__EXERCISE__: Your reply should be the entries, output word for word, with each picture omitted.

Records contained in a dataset
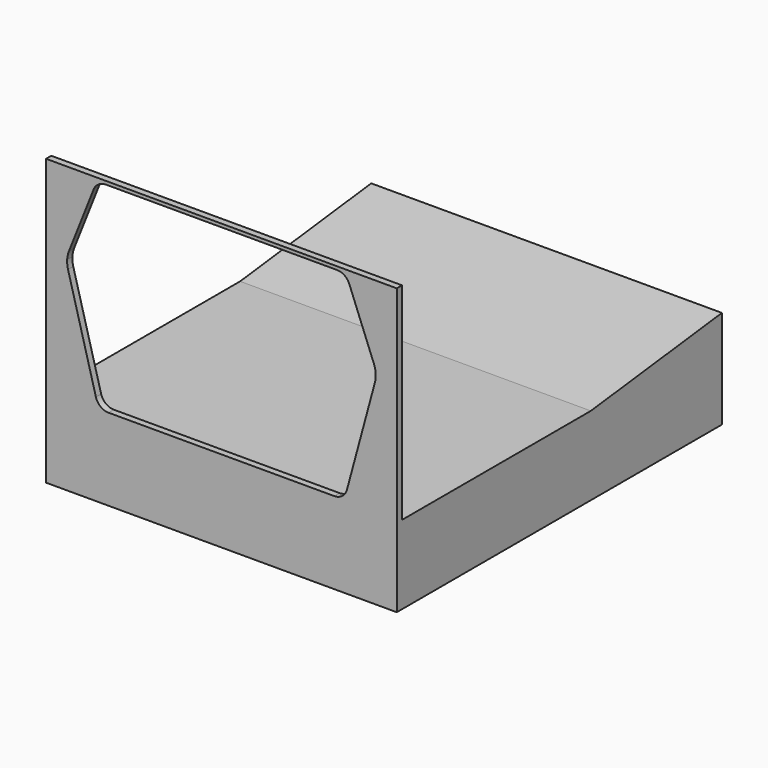
from build123d import *

# Parameters (mm, degrees)
F0_W     = 1358.9
F0_H     = 635
F0_H_2   = 939.8
F1_DEPTH = 304.8
F2_DEPTH = 76.2
F3_SIZE2 = 76.19999
F3_SIZE  = 634.99999
F4_W     = 1358.9
F4_H     = 800.1
F5_DEPTH = 25.4


# Not quite as in the source:
# - a fillet or chamfer is up to 0.001 mm smaller than in the source, because OpenCascade refuses the exact size


with BuildPart() as f1:
    # F0 (on Top) → F1 (new body)
    with BuildSketch(Plane.XY):
        with Locations((679.45, 1257.3)):
            Rectangle(F0_W, F0_H)
        with Locations((679.45, 469.9)):
            Rectangle(F0_W, F0_H_2)
    extrude(amount=-F1_DEPTH)

    # F0 (on Top) → F2 (join)
    with BuildSketch(Plane.XY):
        with Locations((679.45, 1257.3)):
            Rectangle(F0_W, F0_H)
    extrude(amount=F2_DEPTH)

    # F3 (size 635 and 76.2 in the source; OpenCascade refuses exactly that, so slightly less here)
    f3_edges = [f1.edges().sort_by_distance(p)[0] for p in [
        (679.45, 939.8, 76.2),
    ]]
    f3_side = f1.faces().sort_by_distance((679.45, 1257.3, 76.2))[0]
    chamfer(f3_edges, length=F3_SIZE, length2=F3_SIZE2, reference=f3_side)

    # F4 (on face) → F5 (join)
    with BuildSketch(Plane.XZ):
        with Locations((679.45, 400.05)):
            Rectangle(F4_W, F4_H)
        with BuildLine():
            Line((1116.8070589646, 12.7), (242.0929410354, 12.7))
            ThreePointArc((242.0929410354, 12.7), (211.2114924509, 23.1642077886), (193.0524806695, 50.2458215227))
            Line((193.0524806695, 50.2458215227), (84.9974320158, 450.0495015416))
            ThreePointArc((84.9974320158, 450.0495015416), (82.0087933028, 466.189437514), (81.6581746464, 482.6))
            ThreePointArc((81.6581746464, 482.6), (83.887579714, 498.5521883341), (88.6100008594, 513.9515811185))
            Line((88.6100008594, 513.9515811185), (184.1425076023, 755.2968613112))
            ThreePointArc((184.1425076023, 755.2968613112), (202.8211285229, 778.6145245993), (231.3766835464, 787.4))
            Line((231.3766835464, 787.4), (1127.5233164536, 787.4))
            ThreePointArc((1127.5233164536, 787.4), (1156.0788714771, 778.6145245993), (1174.7574923977, 755.2968613112))
            Line((1174.7574923977, 755.2968613112), (1270.2899991406, 513.9515811185))
            ThreePointArc((1270.2899991406, 513.9515811185), (1275.012420286, 498.5521883341), (1277.2418253536, 482.6))
            ThreePointArc((1277.2418253536, 482.6), (1276.8912066972, 466.189437514), (1273.9025679842, 450.0495015416))
            Line((1273.9025679842, 450.0495015416), (1165.8475193305, 50.2458215227))
            ThreePointArc((1165.8475193305, 50.2458215227), (1147.6885075491, 23.1642077886), (1116.8070589646, 12.7))
        make_face(mode=Mode.SUBTRACT)
    extrude(amount=-F5_DEPTH)


solid = f1.part

__ANSWER TO THE PROBLEM__:
from build123d import *

# Parameters (mm, degrees)
F0_W     = 1358.9
F0_H     = 635
F0_H_2   = 939.8
F1_DEPTH = 304.8
F2_DEPTH = 76.2
F3_SIZE2 = 76.19999
F3_SIZE  = 634.99999
F4_W     = 1358.9
F4_H     = 800.1
F5_DEPTH = 25.4


# Not quite as in the source:
# - a fillet or chamfer is up to 0.001 mm smaller than in the source, because OpenCascade refuses the exact size


with BuildPart() as f1:
    # F0 (on Top) → F1 (new body)
    with BuildSketch(Plane.XY):
        with Locations((679.45, 1257.3)):
            Rectangle(F0_W, F0_H)
        with Locations((679.45, 469.9)):
            Rectangle(F0_W, F0_H_2)
    extrude(amount=-F1_DEPTH)

    # F0 (on Top) → F2 (join)
    with BuildSketch(Plane.XY):
        with Locations((679.45, 1257.3)):
            Rectangle(F0_W, F0_H)
    extrude(amount=F2_DEPTH)

    # F3 (size 635 and 76.2 in the source; OpenCascade refuses exactly that, so slightly less here)
    f3_edges = [f1.edges().sort_by_distance(p)[0] for p in [
        (679.45, 939.8, 76.2),
    ]]
    f3_side = f1.faces().sort_by_distance((679.45, 1257.3, 76.2))[0]
    chamfer(f3_edges, length=F3_SIZE, length2=F3_SIZE2, reference=f3_side)

    # F4 (on face) → F5 (join)
    with BuildSketch(Plane.XZ):
        with Locations((679.45, 400.05)):
            Rectangle(F4_W, F4_H)
        with BuildLine():
            Line((1116.8070589646, 12.7), (242.0929410354, 12.7))
            ThreePointArc((242.0929410354, 12.7), (211.2114924509, 23.1642077886), (193.0524806695, 50.2458215227))
            Line((193.0524806695, 50.2458215227), (84.9974320158, 450.0495015416))
            ThreePointArc((84.9974320158, 450.0495015416), (82.0087933028, 466.189437514), (81.6581746464, 482.6))
            ThreePointArc((81.6581746464, 482.6), (83.887579714, 498.5521883341), (88.6100008594, 513.9515811185))
            Line((88.6100008594, 513.9515811185), (184.1425076023, 755.2968613112))
            ThreePointArc((184.1425076023, 755.2968613112), (202.8211285229, 778.6145245993), (231.3766835464, 787.4))
            Line((231.3766835464, 787.4), (1127.5233164536, 787.4))
            ThreePointArc((1127.5233164536, 787.4), (1156.0788714771, 778.6145245993), (1174.7574923977, 755.2968613112))
            Line((1174.7574923977, 755.2968613112), (1270.2899991406, 513.9515811185))
            ThreePointArc((1270.2899991406, 513.9515811185), (1275.012420286, 498.5521883341), (1277.2418253536, 482.6))
            ThreePointArc((1277.2418253536, 482.6), (1276.8912066972, 466.189437514), (1273.9025679842, 450.0495015416))
            Line((1273.9025679842, 450.0495015416), (1165.8475193305, 50.2458215227))
            ThreePointArc((1165.8475193305, 50.2458215227), (1147.6885075491, 23.1642077886), (1116.8070589646, 12.7))
        make_face(mode=Mode.SUBTRACT)
    extrude(amount=-F5_DEPTH)


solid = f1.part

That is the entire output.